TransformerMixin

class pyoptex.analysis.mixins.fit_mixin.TransformerMixin(factors=(), Y2X=<function identityY2X>, random_effects=())[source]

Base mixin for all transformers. This mixin extends the transformer mixin from sklearn. To create your own transformer, do

>>> class MyTransformer(TransformerMixin):
>>>     def _fit(self, X, y):
>>>         # Your fit code
>>>         pass
>>>
>>>     def _apply_transform(self, X, y):
>>>         # Your transform code to transform X and y
>>>         return X, y

You should implement two functions: the _fit function which fits the transformer to the data (given the encoded and normalized X, and normalized y), and the _apply_transform function which applies the transformation to the data.
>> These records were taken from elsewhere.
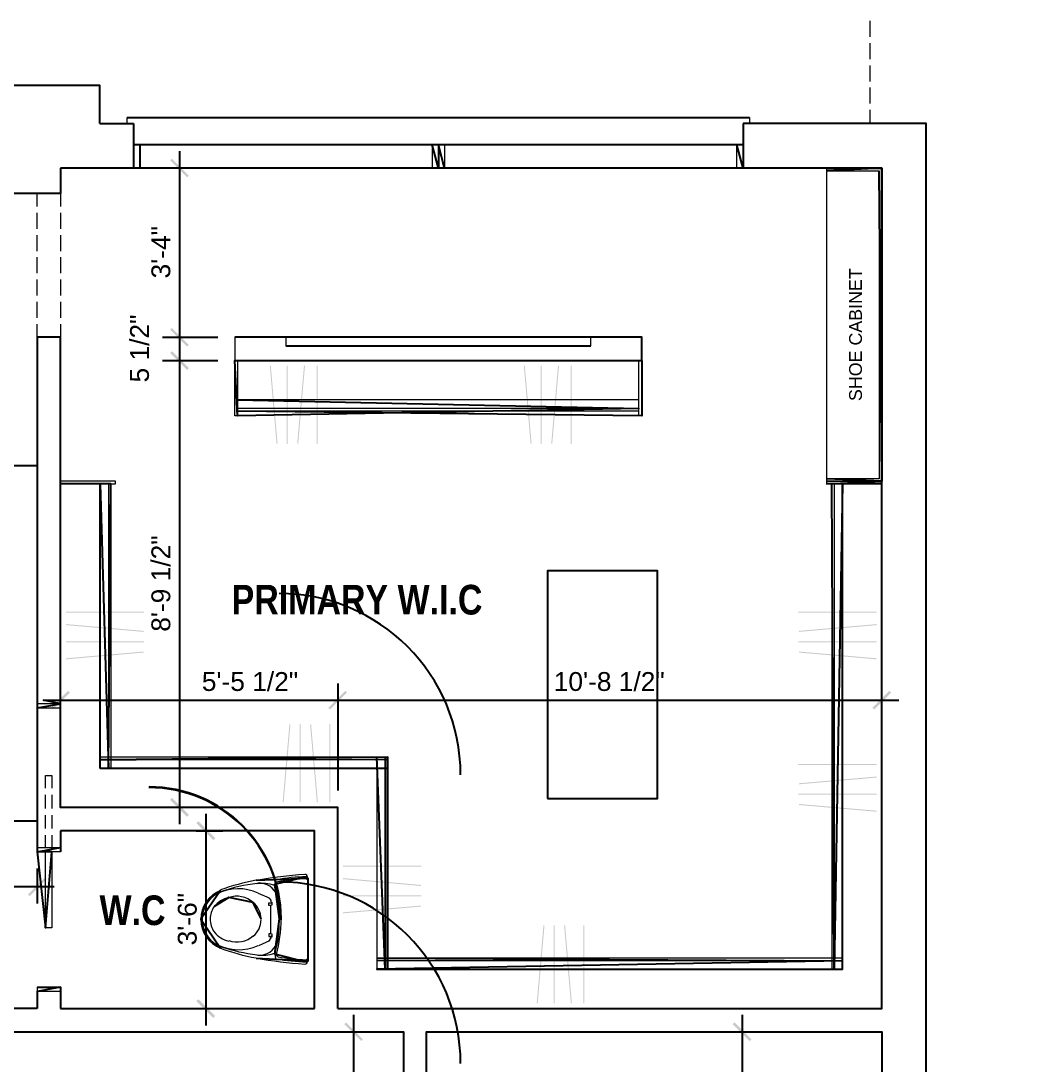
# Model space of a CAD drawing. Header units: millimetres. Extents: x 58 to 2247, y 57 to 1671.
# Drawn here: x 935.7 to 1170.7, y 990.1 to 1236.8 of the extents above; entities that cross this region are included whole.
import ezdxf

# ---------------------------------------------------------------- set-up
doc = ezdxf.new("R2010")
doc.units = ezdxf.units.MM
doc.header["$LTSCALE"] = 0.5
for name, color, linetype in [('interior door main', 3, 'CONTINUOUS'), ('main floor interior line', 6, 'CONTINUOUS'), ('PDF_Geometry', 7, 'Continuous'), ('PDF_Solid Fills', 7, 'Continuous'), ('PDF_Text', 7, 'Continuous'), ('side window main', 5, 'CONTINUOUS')]:
    doc.layers.add(name, color=color, linetype=linetype)
doc.styles.add('PDF Arial Narrow Bold', font='ARIALNB.TTF')
doc.styles.add('PDF ArialMT', font='arial.ttf')

msp = doc.modelspace()

# ---------------------------------------------------------------- linework, layer by layer
at = {"layer": 'interior door main'}
for centre, radius in [((996.69, 1058.69), 42.84), ((965.89, 1024.45), 31.24), ((965.97, 1024.69), 31.16), ((996.69, 990.53), 42.84)]:
    msp.add_arc(centre, radius, 0, 90, dxfattribs=at)
at = {"layer": 'main floor interior line'}
for points in [[(954.3, 1212.53), (954.3, 1221.49), (932.3, 1221.49), (932.3, 1236.53), (919.26, 1236.53), (919.26, 1225.97), (775.26, 1225.97), (775.26, 1236.53), (762.3, 1236.53), (762.3, 1221.49), (740.3, 1221.49), (740.3, 1212.53)], [(945.02, 1195.97), (921.74, 1195.97), (921.74, 1225.97)], [(960.78, 1213.97), (1107.74, 1213.97)], [(962.3, 1212.53), (962.3, 1201.97), (945.02, 1201.97)], [(954.3, 1212.53), (962.3, 1212.53)], [(1106.3, 1212.53), (1106.3, 1201.97), (1104.78, 1207.49)], [(1317.02, 596.53), (1317.02, 917.01), (1149.5, 917.01), (1149.5, 1212.53), (1106.3, 1212.53)], [(1106.3, 1207.49), (962.3, 1207.49)], [(963.74, 1207.49), (963.74, 1201.97)], [(1035.74, 1201.97), (1034.3, 1207.49), (1034.3, 1201.97), (1032.78, 1207.49)], [(973.1, 1205.97), (973.1, 1158.05)], [(945.02, 1201.97), (945.02, 1195.97), (939.5, 1195.97)], [(1010.54, 1003.49), (1139.02, 1003.49), (1139.02, 1201.97), (1106.3, 1201.97), (962.3, 1201.97)], [(974.3, 1201.97), (969.1, 1201.97)], [(1126.06, 1201.97), (1139.02, 1201.97), (1126.06, 1201.33)], [(1139.02, 1201.97), (1139.02, 1128.05), (1138.38, 1201.33)], [(973.1, 1166.05), (973.1, 1152.53)], [(1010.54, 1003.49), (1010.54, 1051.01), (945.02, 1051.01), (945.02, 1162.05), (939.5, 1162.05), (939.5, 1040.53), (941.5, 1022.53), (943.02, 1040.53), (939.5, 1040.53), (945.02, 1041.49)], [(969.1, 1162.05), (982.22, 1162.05)], [(1082.3, 1156.53), (1082.3, 1162.05), (986.22, 1162.05)], [(973.1, 1160.53), (973.1, 1047.01)], [(998.22, 1160.05), (1070.3, 1160.05)], [(969.1, 1156.53), (982.22, 1156.53)], [(986.86, 1147.25), (1081.66, 1145.25), (986.86, 1143.49), (986.22, 1156.53), (1082.3, 1156.53), (1082.3, 1143.49), (986.86, 1144.61)], [(921.1, 1086.77), (921.1, 1131.73), (939.58, 1131.73)], [(954.38, 1060.21), (954.38, 1127.41), (956.38, 1060.21), (956.94, 1127.41), (945.02, 1127.41)], [(1019.74, 1015.41), (1129.74, 1014.77), (1019.74, 1012.77), (1129.74, 1012.77), (1129.74, 1127.41), (1127.74, 1012.77), (1127.18, 1127.41)], [(1139.02, 1127.41), (1126.06, 1127.41), (1139.02, 1128.05), (1126.06, 1128.61)], [(1060.06, 1053.09), (1086.06, 1053.09), (1086.06, 1106.85), (1060.06, 1106.85)], [(945.02, 1055.01), (945.02, 1080.29)], [(1010.54, 1080.29), (1010.54, 1055.01)], [(1139.02, 1076.29), (1139.02, 1080.29)], [(939.5, 1074.53), (945.02, 1075.49), (941.02, 1076.29), (1014.54, 1076.29)], [(1006.54, 1076.29), (1143.02, 1076.29)], [(939.58, 1047.73), (921.1, 1047.73), (921.1, 1070.61)], [(1022.38, 1012.77), (1022.38, 1062.85), (954.38, 1062.21), (1022.38, 1062.85)], [(1021.74, 1062.85), (1021.74, 1012.77), (1019.74, 1062.85)], [(1022.38, 1060.21), (954.38, 1060.21)], [(979.34, 1049.49), (979.34, 999.49)], [(1005.02, 1003.49), (1005.02, 1045.49), (945.02, 1045.49)], [(945.02, 1045.49), (945.02, 1040.53)], [(977.1, 1045.49), (983.34, 1045.49)], [(939.5, 1036.53), (939.5, 1028.29)], [(991.26, 1015.41), (1003.5, 1014.77), (1003.5, 1034.21), (991.26, 1033.73)], [(1003.12, 1014.47), (995.66, 1016.36), (996.72, 1024.67), (995.66, 1032.84), (1003.12, 1034.66)], [(751.02, 1032.29), (943.5, 1032.29)], [(982.86, 1031.39), (978.17, 1024.57), (982.86, 1017.75)], [(992.41, 1024.66), (990.55, 1028.57), (984.77, 1029.69), (981.35, 1027.56)], [(939.5, 1008.53), (945.02, 1008.53), (939.5, 1007.49), (939.5, 1003.49)], [(945.02, 1008.53), (945.02, 1003.49)], [(939.5, 1003.49), (795.18, 1003.49)], [(945.02, 1003.49), (1005.02, 1003.49)], [(977.1, 1003.49), (983.34, 1003.49)], [(1014.3, 836.53), (1014.3, 1001.97)], [(1106.06, 1001.97), (1106.06, 841.97)], [(816.06, 997.97), (1026.06, 997.97), (1026.06, 840.53)], [(1014.3, 997.97), (1018.3, 997.97)], [(1031.5, 845.97), (1031.5, 997.97), (1139.02, 997.97), (1139.02, 845.97), (1073.02, 845.97)]]:
    msp.add_lwpolyline(points, dxfattribs=at)
at = {"layer": 'PDF_Geometry', "lineweight": 20}
for points in [[(919.26, 1225.97), (919.26, 1236.53), (932.3, 1236.53), (932.3, 1221.49), (954.3, 1221.49), (954.3, 1212.53), (962.3, 1212.53), (962.3, 1201.97), (945.02, 1201.97), (945.02, 1195.97), (921.74, 1195.97), (921.74, 1225.97), (917.74, 1225.97)], [(1302.3, 607.01), (1302.3, 596.53), (1317.02, 596.53), (1317.02, 917.01), (1149.5, 917.01), (1149.5, 1212.53), (1106.3, 1212.53), (1106.3, 1201.97), (1139.02, 1201.97), (1139.02, 1003.49), (1010.54, 1003.49), (1010.54, 1051.01), (945.02, 1051.01), (945.02, 1162.05), (939.5, 1162.05), (939.5, 1040.53)], [(945.02, 1195.97), (939.5, 1195.97)], [(998.22, 1162.05), (998.22, 1160.05), (1070.3, 1160.05), (1070.3, 1162.05)], [(945.02, 1008.53), (945.02, 1003.49), (1005.02, 1003.49), (1005.02, 1045.49), (945.02, 1045.49), (945.02, 1040.53)], [(939.5, 1008.53), (939.5, 1003.49), (795.18, 1003.49), (795.18, 997.97), (810.54, 997.97), (810.54, 993.25)], [(816.06, 993.25), (816.06, 997.97), (1026.06, 997.97), (1026.06, 840.53), (1037.02, 840.53)], [(1037.02, 845.97), (1031.5, 845.97), (1031.5, 997.97), (1139.02, 997.97), (1139.02, 845.97), (1073.02, 845.97)]]:
    msp.add_lwpolyline(points, dxfattribs=at)
at = {"layer": 'PDF_Geometry', "color": 9, "lineweight": 5, "true_color": 0xc2c2c2}
for points in [[(1136.3, 1233.01), (1136.3, 1236.77)], [(1136.3, 1227.73), (1136.3, 1231.49)], [(1136.3, 1222.45), (1136.3, 1226.21)], [(1136.3, 1217.25), (1136.3, 1221.01)], [(1139.5, 1212.53), (1136.3, 1212.53), (1136.3, 1215.73)], [(1144.78, 1212.53), (1141.02, 1212.53)], [(1149.5, 1212.53), (1146.3, 1212.53)]]:
    msp.add_lwpolyline(points, dxfattribs=at)
at = {"layer": 'PDF_Geometry', "lineweight": 5}
for points in [[(960.78, 1212.53), (960.78, 1213.97), (1107.74, 1213.97), (1107.74, 1212.53)], [(973.1, 1205.97), (973.1, 1158.05)], [(974.3, 1201.97), (969.1, 1201.97)], [(1126.06, 1201.33), (1138.38, 1201.33), (1138.38, 1128.61), (1126.06, 1128.61)], [(939.5, 1192.93), (939.5, 1195.97), (941.5, 1195.97)], [(943.02, 1195.97), (945.02, 1195.97), (945.02, 1192.93)], [(939.5, 1187.65), (939.5, 1191.41)], [(945.02, 1191.41), (945.02, 1187.65)], [(939.5, 1182.37), (939.5, 1186.13)], [(945.02, 1186.13), (945.02, 1182.37)], [(939.5, 1177.17), (939.5, 1180.93)], [(945.02, 1180.93), (945.02, 1177.17)], [(939.5, 1171.89), (939.5, 1175.65)], [(945.02, 1175.65), (945.02, 1171.89)], [(939.5, 1166.61), (939.5, 1170.37)], [(945.02, 1170.37), (945.02, 1166.61)], [(941.5, 1162.05), (939.5, 1162.05), (939.5, 1165.17)], [(945.02, 1165.17), (945.02, 1162.05), (943.02, 1162.05)], [(973.1, 1166.05), (973.1, 1152.53)], [(973.1, 1160.53), (973.1, 1047.01)], [(1081.66, 1147.25), (986.86, 1147.25)], [(1081.66, 1145.25), (986.86, 1145.25)], [(1081.66, 1144.61), (986.86, 1144.61)], [(921.1, 1086.77), (921.1, 1131.73), (939.58, 1131.73)], [(1022.38, 1060.21), (954.38, 1060.21), (954.38, 1127.41)], [(956.38, 1127.41), (956.38, 1060.21)], [(956.94, 1127.41), (956.94, 1060.21)], [(1019.74, 1062.85), (1019.74, 1012.77), (1129.74, 1012.77), (1129.74, 1127.41)], [(1127.18, 1127.41), (1127.18, 1012.77)], [(1127.74, 1127.41), (1127.74, 1012.77)], [(945.02, 1055.01), (945.02, 1080.29)], [(1139.02, 1076.29), (1139.02, 1080.29)], [(941.02, 1076.29), (1014.54, 1076.29)], [(1006.54, 1076.29), (1143.02, 1076.29)], [(939.58, 1047.73), (921.1, 1047.73), (921.1, 1070.61)], [(1022.38, 1012.77), (1022.38, 1062.85), (954.38, 1062.85)], [(1022.38, 1062.21), (954.38, 1062.21)], [(1021.74, 1062.85), (1021.74, 1012.77)], [(941.5, 1055.57), (941.5, 1058.53), (943.02, 1058.53), (943.02, 1055.57)], [(941.5, 1050.77), (941.5, 1053.97)], [(943.02, 1053.97), (943.02, 1050.77)], [(973.1, 1051.01), (977.1, 1051.01)], [(941.5, 1046.05), (941.5, 1049.17)], [(943.02, 1049.17), (943.02, 1046.05)], [(979.34, 1049.49), (979.34, 999.49)], [(941.5, 1041.49), (941.5, 1044.45)], [(943.02, 1044.45), (943.02, 1041.49)], [(977.1, 1045.49), (983.34, 1045.49)], [(939.5, 1036.53), (939.5, 1028.29)], [(1003.5, 1014.77), (1003.5, 1034.21)], [(751.02, 1032.29), (943.5, 1032.29)], [(994.38, 1029.57), (991.82, 1030.69)], [(994.94, 1028.61), (994.94, 1028.37), (994.94, 1027.89)], [(994.86, 1027.81), (994.22, 1027.81), (994.22, 1028.45), (994.86, 1028.45)], [(994.62, 1027.81), (994.62, 1024.53), (994.62, 1021.17)], [(994.86, 1027.89), (994.86, 1027.89)], [(978.46, 1024.53), (978.46, 1024.45)], [(978.54, 1024.45), (978.54, 1024.53)], [(994.86, 1021.17), (994.22, 1021.17), (994.22, 1020.53), (994.86, 1020.53)], [(994.86, 1021.09), (994.86, 1021.09)], [(994.94, 1021.17), (994.94, 1020.61), (994.94, 1020.37)], [(994.38, 1019.49), (991.82, 1018.29)], [(1129.74, 1015.41), (1019.74, 1015.41)], [(1129.74, 1014.77), (1019.74, 1014.77)], [(977.1, 1003.49), (983.34, 1003.49)], [(1014.3, 836.53), (1014.3, 1001.97)], [(1106.06, 1001.97), (1106.06, 841.97)], [(1014.3, 997.97), (1018.3, 997.97)], [(1106.06, 997.97), (1110.06, 997.97)]]:
    msp.add_lwpolyline(points, dxfattribs=at)
at = {"layer": 'PDF_Geometry', "lineweight": 9}
for points in [[(1104.78, 1201.97), (1104.78, 1207.49), (1106.3, 1207.49), (962.3, 1207.49), (963.74, 1207.49), (963.74, 1201.97)], [(1032.78, 1207.49), (1032.78, 1201.97)], [(1034.3, 1207.49), (1034.3, 1201.97)], [(1035.74, 1207.49), (1035.74, 1201.97)], [(1106.3, 1201.97), (962.3, 1201.97)], [(945.02, 1075.49), (939.5, 1075.49)], [(939.5, 1074.53), (945.02, 1074.53)], [(939.5, 1041.49), (945.02, 1041.49)], [(945.02, 1040.53), (939.5, 1040.53)], [(943.02, 1040.53), (943.02, 1022.53), (941.5, 1022.53), (941.5, 1040.53)], [(939.5, 1008.53), (945.02, 1008.53)], [(945.02, 1007.49), (939.5, 1007.49)]]:
    msp.add_lwpolyline(points, dxfattribs=at)
at = {"layer": 'PDF_Geometry', "lineweight": 5}
for points in [[(1126.06, 1201.97), (1139.02, 1201.97), (1139.02, 1128.05), (1126.06, 1128.05)], [(969.1, 1162.05), (982.22, 1162.05)], [(969.1, 1156.53), (982.22, 1156.53)], [(1060.06, 1053.09), (1086.06, 1053.09), (1086.06, 1106.85), (1060.06, 1106.85)], [(1010.54, 1080.29), (1010.54, 1055.01)]]:
    msp.add_lwpolyline(points, close=True, dxfattribs=at)
at = {"layer": 'PDF_Geometry', "lineweight": 20}
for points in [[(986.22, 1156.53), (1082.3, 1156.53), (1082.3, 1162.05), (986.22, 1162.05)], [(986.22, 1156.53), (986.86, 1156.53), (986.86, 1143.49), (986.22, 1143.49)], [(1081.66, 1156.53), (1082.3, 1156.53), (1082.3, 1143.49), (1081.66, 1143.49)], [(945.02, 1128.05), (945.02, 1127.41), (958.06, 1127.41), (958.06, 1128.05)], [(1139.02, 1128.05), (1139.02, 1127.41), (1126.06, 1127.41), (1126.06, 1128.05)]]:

Any attributes suffixed by _ is only accessible after fitting.

Note

Transformers should be able to handle both OLS and mixed models, or raise an error otherwise. Use fit_fn_ attribute to fit a model given some terms and data. It automatically accounts for OLS vs. mixed model.

Note

If you require access to the attributes factors, re or Y2X, use the underscored versions _factors, _re and _Y2X. As sklearn does not permit to adapt these factors directly, they may be adapted during fitting.

Attributes

factorslist(Factor): A list of factors to be used during fitting. It contains the categorical encoding, continuous normalization, etc.
Y2Xfunc(Y): The function to transform a design matrix Y to a model matrix X.
random_effectslist(str): The names of any random effect columns. Every random effect is interpreted as a string column and encoded using effect encoding.
n_features_in_int: The number of features. Equals len(self._factors).
features_names_in_list(str): The names of the features.
n_encoded_features_int: The number of encoded features. Is the result of Y2X(Y).shape[1].
effect_types_np.array(1d): An array indicating the type of each factor (effect). A 1 indicates a continuous variable, anything higher indicates a categorical factor with that many levels. Can be used for internal package functions such as encode_model.
coords_list: A list of 2d numpy arrays. Each element corresponds to the possible encodings of a factor. Retrieved using factor.coords_ property.
y_mean_float: The mean y-value, used in normalization.
y_std_float: The standard deviation of the y-value, used in normalization.
fit_fn_func(X, y, terms): A fit function used to fit a model from data and the specified terms. When random effects are specified, this fits a mixed model, otherwise an OLS is fitted.
Zs_np.array(2d): The groups of each random effect. Zs.shape[0] == len(self._re) and Zs.shape[1] == len(X). For example, if the first row is [0, 0, 1, 1], then the first two runs are in group 0 according to the first random effect, and the last two runs are in group 1.
is_fitted_bool: Whether the transformer has been fitted.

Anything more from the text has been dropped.